# Santa came early (Kimber Mirco Rapture-Black)



## Tiptx4 (Dec 13, 2015)

Not much info on this as I would like to hear what others think of this model as it is one beautiful looking .380. It has all the features I could want in a carry concealment type handgun. This is my 1st Kimber and I hope I made the right choice considering there are so many different .380's out there. Still waiting to take it out to the range as any info out there that can help me out I would greatly appreciate it. I purchased the Black model over the SS for concealment reasons as both are sweet.


----------



## maddog (Dec 10, 2015)

nice,,,,,post pic..


----------



## Tiptx4 (Dec 13, 2015)

I'm too new on here to know how to post a picture, maybe sometime later when I have more time. It looks like the one they have on the Kimber website...Sorry maybe later I will figure it out.


----------



## berettatoter (Sep 1, 2011)

Nothing wrong with Kimber products!
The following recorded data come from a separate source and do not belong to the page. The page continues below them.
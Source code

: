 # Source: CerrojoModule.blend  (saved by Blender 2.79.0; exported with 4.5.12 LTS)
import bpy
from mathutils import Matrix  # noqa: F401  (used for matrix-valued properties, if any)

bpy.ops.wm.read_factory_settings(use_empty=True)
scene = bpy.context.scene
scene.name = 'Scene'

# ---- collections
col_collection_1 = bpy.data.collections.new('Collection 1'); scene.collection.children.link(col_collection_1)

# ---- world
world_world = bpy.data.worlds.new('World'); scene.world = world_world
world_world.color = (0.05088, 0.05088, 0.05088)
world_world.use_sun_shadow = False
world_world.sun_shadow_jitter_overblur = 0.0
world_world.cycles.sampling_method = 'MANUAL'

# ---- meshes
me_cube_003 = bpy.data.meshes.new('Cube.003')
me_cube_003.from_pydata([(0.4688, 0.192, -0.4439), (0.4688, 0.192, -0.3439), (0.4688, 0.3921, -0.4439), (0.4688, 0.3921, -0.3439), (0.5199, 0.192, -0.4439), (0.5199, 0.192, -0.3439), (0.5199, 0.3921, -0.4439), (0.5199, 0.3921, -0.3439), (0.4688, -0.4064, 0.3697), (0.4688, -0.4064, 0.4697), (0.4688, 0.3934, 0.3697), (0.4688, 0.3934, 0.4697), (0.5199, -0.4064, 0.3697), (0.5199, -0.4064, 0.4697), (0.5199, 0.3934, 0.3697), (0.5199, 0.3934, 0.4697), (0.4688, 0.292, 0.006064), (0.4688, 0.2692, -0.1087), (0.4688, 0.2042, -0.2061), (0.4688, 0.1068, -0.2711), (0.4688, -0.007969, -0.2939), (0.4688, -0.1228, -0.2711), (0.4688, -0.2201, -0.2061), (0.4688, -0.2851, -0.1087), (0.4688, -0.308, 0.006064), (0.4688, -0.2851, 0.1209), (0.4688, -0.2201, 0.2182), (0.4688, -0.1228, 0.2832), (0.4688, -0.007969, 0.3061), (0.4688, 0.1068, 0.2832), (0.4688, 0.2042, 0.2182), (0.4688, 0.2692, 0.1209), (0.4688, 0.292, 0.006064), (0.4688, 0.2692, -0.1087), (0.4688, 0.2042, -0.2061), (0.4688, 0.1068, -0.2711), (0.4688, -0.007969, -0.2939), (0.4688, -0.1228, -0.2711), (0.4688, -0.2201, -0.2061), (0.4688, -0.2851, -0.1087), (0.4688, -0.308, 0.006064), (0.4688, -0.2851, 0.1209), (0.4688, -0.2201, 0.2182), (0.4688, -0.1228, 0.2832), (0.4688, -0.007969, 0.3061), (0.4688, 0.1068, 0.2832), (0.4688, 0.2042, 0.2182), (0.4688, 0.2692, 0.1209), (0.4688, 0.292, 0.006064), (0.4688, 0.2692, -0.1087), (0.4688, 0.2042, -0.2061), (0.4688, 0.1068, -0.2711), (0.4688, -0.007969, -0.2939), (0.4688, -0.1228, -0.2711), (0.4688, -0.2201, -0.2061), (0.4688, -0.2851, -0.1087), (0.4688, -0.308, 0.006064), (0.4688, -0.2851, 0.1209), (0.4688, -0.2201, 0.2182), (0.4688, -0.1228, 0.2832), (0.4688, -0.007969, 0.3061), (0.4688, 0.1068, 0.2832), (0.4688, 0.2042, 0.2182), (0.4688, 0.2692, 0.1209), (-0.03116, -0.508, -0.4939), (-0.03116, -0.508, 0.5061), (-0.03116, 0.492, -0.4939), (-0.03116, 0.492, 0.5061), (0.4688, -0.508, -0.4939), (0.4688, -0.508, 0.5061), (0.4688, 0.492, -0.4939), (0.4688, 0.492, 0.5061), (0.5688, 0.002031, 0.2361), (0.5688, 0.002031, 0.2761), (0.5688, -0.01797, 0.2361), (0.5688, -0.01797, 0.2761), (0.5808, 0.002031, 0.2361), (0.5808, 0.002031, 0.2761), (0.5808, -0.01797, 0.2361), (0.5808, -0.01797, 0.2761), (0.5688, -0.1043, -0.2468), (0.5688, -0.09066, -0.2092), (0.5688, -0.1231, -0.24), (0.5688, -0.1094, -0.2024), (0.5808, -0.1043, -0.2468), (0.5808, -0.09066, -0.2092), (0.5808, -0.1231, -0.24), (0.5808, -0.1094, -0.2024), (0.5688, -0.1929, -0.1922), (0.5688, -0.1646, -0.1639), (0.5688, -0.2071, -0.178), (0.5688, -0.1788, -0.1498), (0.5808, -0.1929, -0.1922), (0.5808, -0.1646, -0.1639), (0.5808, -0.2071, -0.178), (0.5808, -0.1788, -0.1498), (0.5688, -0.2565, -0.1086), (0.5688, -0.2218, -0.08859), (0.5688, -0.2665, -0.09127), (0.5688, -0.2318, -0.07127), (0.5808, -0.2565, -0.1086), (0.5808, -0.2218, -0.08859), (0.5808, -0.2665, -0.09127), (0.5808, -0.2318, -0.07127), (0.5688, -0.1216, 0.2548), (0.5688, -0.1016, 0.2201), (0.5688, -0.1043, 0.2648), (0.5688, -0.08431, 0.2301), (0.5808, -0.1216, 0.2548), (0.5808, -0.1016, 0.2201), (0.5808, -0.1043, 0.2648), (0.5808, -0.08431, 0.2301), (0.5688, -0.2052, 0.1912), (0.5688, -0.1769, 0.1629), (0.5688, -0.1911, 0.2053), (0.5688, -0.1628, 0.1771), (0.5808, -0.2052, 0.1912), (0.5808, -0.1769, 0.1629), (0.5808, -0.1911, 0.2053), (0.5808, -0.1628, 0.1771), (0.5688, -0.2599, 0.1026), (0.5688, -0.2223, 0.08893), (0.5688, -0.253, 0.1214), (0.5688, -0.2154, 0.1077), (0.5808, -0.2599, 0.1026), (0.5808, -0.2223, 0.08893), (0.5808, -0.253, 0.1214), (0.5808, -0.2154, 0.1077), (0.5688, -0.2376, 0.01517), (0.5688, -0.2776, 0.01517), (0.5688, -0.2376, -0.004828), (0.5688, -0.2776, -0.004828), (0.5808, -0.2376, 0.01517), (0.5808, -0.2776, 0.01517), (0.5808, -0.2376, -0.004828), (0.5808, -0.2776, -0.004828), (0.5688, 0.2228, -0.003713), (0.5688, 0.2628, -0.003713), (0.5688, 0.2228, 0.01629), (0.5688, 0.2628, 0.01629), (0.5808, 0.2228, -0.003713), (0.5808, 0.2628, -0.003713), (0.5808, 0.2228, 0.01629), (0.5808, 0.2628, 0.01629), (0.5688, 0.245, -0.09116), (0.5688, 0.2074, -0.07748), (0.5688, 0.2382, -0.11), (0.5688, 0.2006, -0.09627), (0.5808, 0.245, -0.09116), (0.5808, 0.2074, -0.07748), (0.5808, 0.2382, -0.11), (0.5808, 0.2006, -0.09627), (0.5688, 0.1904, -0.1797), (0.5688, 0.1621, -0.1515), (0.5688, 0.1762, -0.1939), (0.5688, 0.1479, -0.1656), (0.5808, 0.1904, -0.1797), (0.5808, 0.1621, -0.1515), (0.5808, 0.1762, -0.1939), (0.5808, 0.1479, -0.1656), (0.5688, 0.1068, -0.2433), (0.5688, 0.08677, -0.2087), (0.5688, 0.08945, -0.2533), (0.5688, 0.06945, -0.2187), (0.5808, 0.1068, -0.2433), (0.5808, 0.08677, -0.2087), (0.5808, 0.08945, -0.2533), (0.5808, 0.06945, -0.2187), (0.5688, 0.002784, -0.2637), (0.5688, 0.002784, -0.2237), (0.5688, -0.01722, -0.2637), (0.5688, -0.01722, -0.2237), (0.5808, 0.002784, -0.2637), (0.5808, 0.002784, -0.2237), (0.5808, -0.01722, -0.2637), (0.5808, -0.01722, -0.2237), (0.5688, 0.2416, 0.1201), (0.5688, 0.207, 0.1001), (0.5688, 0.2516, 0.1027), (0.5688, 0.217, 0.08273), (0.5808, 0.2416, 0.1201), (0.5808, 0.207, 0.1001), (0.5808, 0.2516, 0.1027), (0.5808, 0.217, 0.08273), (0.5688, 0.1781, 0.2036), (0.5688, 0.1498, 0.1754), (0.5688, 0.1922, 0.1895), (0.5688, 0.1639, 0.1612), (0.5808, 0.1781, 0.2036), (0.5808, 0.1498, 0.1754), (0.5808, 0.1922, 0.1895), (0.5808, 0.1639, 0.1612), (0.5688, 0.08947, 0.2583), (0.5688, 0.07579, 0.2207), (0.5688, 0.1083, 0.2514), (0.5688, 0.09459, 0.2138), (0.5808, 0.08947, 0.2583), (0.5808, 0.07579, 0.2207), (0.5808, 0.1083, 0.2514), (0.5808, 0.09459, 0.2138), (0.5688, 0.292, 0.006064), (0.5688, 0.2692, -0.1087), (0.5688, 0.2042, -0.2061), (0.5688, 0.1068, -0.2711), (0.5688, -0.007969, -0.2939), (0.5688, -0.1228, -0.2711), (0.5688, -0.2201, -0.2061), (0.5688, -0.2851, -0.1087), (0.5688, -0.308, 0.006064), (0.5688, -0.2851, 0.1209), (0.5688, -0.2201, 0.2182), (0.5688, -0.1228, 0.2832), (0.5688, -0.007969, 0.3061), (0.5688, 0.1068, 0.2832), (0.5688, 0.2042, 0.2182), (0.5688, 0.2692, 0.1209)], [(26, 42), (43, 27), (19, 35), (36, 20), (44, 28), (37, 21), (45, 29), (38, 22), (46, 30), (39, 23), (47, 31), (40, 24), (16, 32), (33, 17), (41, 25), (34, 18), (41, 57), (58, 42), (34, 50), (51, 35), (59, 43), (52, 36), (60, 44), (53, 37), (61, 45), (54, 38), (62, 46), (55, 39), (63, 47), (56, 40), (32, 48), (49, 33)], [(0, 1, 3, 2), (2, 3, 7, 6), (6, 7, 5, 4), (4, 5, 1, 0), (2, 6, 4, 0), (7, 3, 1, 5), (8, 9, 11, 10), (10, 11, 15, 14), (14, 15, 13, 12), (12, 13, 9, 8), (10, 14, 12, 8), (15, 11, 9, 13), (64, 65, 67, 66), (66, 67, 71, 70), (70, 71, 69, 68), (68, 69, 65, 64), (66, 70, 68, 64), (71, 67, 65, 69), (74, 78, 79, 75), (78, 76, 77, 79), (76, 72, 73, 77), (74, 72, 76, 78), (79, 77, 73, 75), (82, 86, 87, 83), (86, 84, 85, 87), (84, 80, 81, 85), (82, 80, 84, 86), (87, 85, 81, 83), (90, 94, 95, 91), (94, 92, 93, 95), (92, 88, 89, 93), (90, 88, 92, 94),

Looking forward to some pics as well and a range report. Congrats on the new pistol! :smt1099


----------



## krunchnik (Nov 27, 2011)

I have the Kimber Micro standard model in blue-standard sights-it has fed any type of ammo I have tried-including Hornady Custom XTP.I currently reload 100grain Berrys Bullets and they shoot great.So far I have approximately 300 rounds thru the pistol.I think that accuracy is exceptional for a 2.75 inch barrel and pint size frame.I like mine a lot.


----------